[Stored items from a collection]
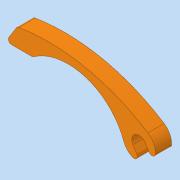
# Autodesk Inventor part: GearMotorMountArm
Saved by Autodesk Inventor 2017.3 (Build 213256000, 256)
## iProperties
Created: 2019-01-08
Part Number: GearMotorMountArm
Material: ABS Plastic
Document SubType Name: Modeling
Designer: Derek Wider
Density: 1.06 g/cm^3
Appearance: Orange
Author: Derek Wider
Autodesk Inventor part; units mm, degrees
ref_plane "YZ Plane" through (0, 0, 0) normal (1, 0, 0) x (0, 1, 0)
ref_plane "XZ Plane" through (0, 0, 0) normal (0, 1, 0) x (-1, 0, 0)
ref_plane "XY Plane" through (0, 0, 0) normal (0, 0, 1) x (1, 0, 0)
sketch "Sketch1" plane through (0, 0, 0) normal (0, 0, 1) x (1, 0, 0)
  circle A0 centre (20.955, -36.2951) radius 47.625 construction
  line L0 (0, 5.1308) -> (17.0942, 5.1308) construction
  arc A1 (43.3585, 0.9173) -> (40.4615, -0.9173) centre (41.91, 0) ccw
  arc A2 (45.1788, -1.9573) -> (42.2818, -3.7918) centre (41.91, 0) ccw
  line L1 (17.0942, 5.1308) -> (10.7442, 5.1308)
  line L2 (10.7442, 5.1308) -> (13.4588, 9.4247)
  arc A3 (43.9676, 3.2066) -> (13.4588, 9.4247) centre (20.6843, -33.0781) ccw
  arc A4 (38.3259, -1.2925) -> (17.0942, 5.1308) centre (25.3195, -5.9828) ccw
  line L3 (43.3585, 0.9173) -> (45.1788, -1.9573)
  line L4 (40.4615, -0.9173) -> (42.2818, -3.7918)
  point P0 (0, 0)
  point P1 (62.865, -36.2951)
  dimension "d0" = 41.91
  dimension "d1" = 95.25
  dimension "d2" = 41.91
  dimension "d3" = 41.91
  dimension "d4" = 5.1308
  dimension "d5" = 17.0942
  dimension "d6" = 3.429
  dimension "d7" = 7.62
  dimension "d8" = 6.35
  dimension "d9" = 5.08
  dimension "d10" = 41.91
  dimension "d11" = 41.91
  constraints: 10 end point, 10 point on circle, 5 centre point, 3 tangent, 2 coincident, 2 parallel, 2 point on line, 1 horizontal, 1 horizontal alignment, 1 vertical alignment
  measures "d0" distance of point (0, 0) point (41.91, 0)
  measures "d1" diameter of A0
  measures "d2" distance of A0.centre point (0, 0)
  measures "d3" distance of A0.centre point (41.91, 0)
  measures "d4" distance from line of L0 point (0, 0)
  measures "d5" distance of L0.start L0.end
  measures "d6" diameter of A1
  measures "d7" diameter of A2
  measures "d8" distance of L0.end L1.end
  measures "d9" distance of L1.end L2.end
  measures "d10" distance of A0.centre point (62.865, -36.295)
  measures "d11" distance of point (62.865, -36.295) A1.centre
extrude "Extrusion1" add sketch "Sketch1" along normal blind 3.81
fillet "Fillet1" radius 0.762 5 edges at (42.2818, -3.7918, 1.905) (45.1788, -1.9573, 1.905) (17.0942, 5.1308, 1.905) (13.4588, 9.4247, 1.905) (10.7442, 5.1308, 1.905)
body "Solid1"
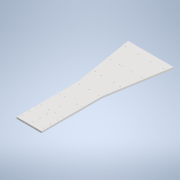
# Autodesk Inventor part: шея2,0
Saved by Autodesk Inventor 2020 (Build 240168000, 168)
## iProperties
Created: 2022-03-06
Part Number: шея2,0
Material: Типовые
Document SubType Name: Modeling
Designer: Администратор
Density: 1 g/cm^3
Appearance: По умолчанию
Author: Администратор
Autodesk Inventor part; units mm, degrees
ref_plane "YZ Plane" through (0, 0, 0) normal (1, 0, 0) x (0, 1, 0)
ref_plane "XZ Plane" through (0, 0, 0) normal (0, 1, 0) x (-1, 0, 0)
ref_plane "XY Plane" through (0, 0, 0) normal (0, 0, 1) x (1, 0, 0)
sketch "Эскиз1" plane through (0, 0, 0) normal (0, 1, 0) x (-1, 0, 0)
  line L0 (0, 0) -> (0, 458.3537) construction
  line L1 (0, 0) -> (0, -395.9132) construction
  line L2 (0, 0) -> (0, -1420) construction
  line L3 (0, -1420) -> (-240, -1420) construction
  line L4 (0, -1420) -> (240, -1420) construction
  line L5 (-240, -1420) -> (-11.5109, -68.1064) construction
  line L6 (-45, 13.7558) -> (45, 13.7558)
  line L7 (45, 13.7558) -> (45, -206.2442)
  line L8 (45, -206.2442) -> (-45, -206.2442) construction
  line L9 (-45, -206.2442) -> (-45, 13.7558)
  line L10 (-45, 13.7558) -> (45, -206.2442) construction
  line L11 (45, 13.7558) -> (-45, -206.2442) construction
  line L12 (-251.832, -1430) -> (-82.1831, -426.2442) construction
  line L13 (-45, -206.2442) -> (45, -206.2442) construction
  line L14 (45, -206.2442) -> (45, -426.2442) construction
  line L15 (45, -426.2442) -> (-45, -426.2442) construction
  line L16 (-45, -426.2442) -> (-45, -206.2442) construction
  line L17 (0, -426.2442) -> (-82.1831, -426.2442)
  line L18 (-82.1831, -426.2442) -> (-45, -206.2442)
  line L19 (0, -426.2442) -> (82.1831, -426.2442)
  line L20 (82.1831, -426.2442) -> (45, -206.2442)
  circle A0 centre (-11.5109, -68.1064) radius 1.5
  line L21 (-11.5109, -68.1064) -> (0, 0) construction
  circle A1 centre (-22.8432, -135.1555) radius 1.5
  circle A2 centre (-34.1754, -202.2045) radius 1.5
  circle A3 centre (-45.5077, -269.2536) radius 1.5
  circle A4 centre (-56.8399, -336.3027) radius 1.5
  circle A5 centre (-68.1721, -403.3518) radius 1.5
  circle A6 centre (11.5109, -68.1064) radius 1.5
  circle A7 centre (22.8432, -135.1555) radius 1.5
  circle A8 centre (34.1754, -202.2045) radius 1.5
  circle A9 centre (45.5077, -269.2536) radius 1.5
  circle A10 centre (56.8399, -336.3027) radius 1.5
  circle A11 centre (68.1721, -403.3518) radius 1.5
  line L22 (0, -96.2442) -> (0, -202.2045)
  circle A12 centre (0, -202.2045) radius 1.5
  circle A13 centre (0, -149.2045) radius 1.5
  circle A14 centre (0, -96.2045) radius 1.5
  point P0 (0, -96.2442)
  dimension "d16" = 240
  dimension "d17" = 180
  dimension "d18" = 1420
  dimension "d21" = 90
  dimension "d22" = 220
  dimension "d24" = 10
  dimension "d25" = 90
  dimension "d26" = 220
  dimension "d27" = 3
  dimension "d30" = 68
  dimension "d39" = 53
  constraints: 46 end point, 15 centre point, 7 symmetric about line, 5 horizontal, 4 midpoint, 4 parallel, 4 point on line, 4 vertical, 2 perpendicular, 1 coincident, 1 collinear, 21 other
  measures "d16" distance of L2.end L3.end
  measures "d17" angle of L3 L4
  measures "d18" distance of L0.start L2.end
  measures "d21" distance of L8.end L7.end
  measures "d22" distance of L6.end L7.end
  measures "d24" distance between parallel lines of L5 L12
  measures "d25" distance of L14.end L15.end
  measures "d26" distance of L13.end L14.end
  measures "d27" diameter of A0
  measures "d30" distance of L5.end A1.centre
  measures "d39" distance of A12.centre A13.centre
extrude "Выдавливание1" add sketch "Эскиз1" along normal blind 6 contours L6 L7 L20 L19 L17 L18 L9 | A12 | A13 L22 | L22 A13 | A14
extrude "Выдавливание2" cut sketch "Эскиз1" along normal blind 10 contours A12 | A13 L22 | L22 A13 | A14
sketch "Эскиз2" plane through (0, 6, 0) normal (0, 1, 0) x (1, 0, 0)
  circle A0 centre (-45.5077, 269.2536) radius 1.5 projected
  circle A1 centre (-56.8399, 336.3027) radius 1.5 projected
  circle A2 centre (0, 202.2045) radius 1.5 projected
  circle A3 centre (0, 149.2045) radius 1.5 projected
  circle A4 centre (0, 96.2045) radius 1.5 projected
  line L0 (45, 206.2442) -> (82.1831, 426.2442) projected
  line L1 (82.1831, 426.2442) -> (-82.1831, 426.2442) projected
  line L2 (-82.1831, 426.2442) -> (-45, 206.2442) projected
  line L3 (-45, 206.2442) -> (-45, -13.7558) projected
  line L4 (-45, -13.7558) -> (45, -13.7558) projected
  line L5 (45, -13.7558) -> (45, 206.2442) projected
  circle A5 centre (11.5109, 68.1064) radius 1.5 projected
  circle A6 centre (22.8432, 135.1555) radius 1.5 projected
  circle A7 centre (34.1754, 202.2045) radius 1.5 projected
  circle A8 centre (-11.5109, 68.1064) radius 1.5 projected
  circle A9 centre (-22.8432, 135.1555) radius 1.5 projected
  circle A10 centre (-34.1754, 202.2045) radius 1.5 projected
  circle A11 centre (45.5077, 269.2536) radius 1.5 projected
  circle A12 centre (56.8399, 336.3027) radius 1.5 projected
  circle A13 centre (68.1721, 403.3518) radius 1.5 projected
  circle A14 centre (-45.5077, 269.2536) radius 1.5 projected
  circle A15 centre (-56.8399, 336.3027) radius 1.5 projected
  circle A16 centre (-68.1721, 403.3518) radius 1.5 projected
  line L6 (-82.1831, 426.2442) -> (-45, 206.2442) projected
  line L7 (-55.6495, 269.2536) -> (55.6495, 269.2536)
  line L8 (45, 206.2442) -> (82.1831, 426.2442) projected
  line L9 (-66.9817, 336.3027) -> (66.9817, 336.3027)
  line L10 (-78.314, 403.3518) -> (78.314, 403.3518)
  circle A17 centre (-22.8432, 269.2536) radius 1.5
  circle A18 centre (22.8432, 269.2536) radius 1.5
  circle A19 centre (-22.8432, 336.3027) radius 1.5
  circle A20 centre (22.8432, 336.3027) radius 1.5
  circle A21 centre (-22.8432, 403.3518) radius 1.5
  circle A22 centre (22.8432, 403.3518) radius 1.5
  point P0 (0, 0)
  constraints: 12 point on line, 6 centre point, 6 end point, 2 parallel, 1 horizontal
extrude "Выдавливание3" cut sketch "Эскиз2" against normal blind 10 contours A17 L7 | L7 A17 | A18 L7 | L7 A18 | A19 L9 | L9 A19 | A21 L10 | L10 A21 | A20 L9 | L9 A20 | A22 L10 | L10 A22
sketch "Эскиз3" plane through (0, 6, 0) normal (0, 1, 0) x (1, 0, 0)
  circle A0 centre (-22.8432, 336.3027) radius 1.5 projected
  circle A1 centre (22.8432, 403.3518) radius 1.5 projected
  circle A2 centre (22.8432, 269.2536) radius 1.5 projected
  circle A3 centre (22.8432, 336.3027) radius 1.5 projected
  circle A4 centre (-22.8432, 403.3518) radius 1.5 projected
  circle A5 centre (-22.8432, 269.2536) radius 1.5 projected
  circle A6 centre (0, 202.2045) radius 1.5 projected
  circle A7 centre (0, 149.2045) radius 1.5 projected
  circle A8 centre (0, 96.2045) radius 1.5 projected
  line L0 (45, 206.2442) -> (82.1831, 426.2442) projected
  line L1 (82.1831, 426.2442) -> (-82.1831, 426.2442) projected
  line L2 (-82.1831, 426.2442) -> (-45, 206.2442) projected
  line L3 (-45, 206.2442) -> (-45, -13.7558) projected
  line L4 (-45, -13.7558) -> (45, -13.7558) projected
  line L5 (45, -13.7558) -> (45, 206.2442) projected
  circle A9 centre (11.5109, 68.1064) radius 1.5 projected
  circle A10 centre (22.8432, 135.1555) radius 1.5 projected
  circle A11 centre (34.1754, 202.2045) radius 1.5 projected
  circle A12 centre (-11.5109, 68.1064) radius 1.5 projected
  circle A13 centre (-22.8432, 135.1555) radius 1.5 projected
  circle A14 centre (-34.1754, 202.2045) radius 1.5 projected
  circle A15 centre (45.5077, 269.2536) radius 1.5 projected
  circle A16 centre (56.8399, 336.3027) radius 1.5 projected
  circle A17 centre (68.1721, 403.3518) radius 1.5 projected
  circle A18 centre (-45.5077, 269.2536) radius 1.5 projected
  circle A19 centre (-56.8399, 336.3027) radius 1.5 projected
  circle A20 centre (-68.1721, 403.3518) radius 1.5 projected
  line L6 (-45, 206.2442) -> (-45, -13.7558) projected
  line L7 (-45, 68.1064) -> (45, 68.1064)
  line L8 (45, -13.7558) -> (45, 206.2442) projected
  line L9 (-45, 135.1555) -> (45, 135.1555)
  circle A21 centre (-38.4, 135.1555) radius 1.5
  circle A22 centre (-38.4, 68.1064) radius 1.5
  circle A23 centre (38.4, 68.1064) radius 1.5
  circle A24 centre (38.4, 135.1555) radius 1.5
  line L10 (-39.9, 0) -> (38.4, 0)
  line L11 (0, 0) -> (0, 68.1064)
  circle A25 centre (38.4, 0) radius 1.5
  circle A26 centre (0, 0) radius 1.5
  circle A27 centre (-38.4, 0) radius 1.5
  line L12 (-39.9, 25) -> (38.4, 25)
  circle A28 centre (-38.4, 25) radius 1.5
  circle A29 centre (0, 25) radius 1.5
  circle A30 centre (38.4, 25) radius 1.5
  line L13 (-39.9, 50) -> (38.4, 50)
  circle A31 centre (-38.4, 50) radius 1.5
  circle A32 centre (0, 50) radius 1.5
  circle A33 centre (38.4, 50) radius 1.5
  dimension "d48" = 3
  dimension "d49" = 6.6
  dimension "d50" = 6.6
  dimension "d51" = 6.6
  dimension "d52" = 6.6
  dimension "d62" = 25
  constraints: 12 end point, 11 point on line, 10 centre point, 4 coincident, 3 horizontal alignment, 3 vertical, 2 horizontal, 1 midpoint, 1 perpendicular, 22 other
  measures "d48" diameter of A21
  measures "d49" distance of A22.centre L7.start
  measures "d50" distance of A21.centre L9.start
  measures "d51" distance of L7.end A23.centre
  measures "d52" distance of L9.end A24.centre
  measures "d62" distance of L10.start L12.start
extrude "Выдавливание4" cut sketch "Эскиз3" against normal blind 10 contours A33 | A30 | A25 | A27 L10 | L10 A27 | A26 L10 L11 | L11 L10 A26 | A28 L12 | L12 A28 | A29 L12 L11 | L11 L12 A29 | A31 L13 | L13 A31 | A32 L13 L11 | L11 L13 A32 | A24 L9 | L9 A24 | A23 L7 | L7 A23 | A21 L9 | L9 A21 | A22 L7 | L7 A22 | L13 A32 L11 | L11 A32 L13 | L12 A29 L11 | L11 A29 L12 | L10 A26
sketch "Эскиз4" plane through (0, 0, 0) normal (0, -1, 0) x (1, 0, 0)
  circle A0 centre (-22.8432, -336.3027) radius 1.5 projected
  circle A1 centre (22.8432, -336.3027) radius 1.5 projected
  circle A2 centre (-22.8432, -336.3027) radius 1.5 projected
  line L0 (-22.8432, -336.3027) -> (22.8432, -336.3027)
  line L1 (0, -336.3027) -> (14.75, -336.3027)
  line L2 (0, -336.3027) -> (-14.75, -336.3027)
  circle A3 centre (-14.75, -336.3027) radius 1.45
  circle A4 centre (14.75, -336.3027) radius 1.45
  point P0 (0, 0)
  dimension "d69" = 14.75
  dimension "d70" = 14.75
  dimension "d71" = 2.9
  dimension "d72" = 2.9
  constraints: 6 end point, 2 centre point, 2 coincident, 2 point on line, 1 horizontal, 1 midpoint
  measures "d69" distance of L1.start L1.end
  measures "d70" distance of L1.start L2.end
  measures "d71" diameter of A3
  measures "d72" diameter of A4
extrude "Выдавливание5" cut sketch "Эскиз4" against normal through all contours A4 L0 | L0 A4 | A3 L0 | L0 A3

*PROBLEM STATEMENT*
Give back exactly the lines from the first line of the data through the line with "line L0 (0, 5.1308)", pictures excluded.

*ANSWER SECTION*
# Autodesk Inventor part: GearMotorMountArm
Saved by Autodesk Inventor 2017.3 (Build 213256000, 256)
## iProperties
Created: 2019-01-08
Part Number: GearMotorMountArm
Material: ABS Plastic
Document SubType Name: Modeling
Designer: Derek Wider
Density: 1.06 g/cm^3
Appearance: Orange
Author: Derek Wider
Autodesk Inventor part; units mm, degrees
ref_plane "YZ Plane" through (0, 0, 0) normal (1, 0, 0) x (0, 1, 0)
ref_plane "XZ Plane" through (0, 0, 0) normal (0, 1, 0) x (-1, 0, 0)
ref_plane "XY Plane" through (0, 0, 0) normal (0, 0, 1) x (1, 0, 0)
sketch "Sketch1" plane through (0, 0, 0) normal (0, 0, 1) x (1, 0, 0)
  circle A0 centre (20.955, -36.2951) radius 47.625 construction
  line L0 (0, 5.1308) -> (17.0942, 5.1308) construction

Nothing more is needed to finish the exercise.